__EXERCISE DIRECTIONS__: Please repeat, without alteration, the line containing "extrude(amount=-CUT_EXTRUDE1_DEPTH, mode=Mode.SUBTRACT)" and every line that follows it to the end of the entries below, and only those lines.

(Stored items)
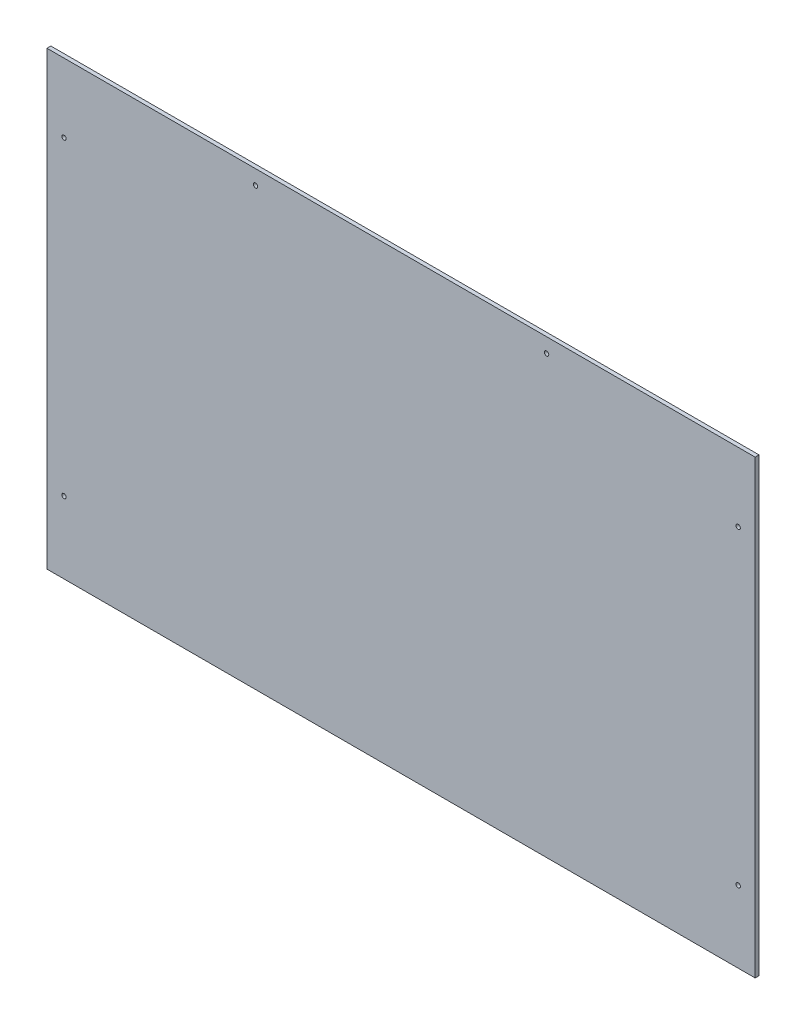
from build123d import *

# Parameters (mm, degrees)
SKETCH1_W           = 730
SKETCH1_H           = 465
BOSS_EXTRUDE1_DEPTH = 2
SKETCH2_R           = 2.25
CUT_EXTRUDE1_DEPTH  = 592.156493663


with BuildPart() as part:
    # Sketch1 → Boss-Extrude1 (new, symmetric)
    with BuildSketch(Plane.XY):
        with Locations((0, -232.5)):
            Rectangle(SKETCH1_W, SKETCH1_H)
    extrude(amount=BOSS_EXTRUDE1_DEPTH, both=True)

    # Sketch2 → Cut-Extrude1 (cut, through all)
    with BuildSketch(Plane.XY.offset(2)):
        with Locations((-150, -15)):
            Circle(SKETCH2_R)
        with Locations((150, -15)):
            Circle(SKETCH2_R)
        with Locations((-347.5, -71)):
            Circle(SKETCH2_R)
        with Locations((-347.5, -391)):
            Circle(SKETCH2_R)
        with Locations(Location((347.5, -391, 0), (0, 0, 180))):
            Circle(SKETCH2_R)
        with Locations(Location((347.5, -71, 0), (0, 0, 180))):
            Circle(SKETCH2_R)
    extrude(amount=-CUT_EXTRUDE1_DEPTH, mode=Mode.SUBTRACT)


solid = part.part

__RESULT OF THIS EXERCISE__:
    extrude(amount=-CUT_EXTRUDE1_DEPTH, mode=Mode.SUBTRACT)


solid = part.part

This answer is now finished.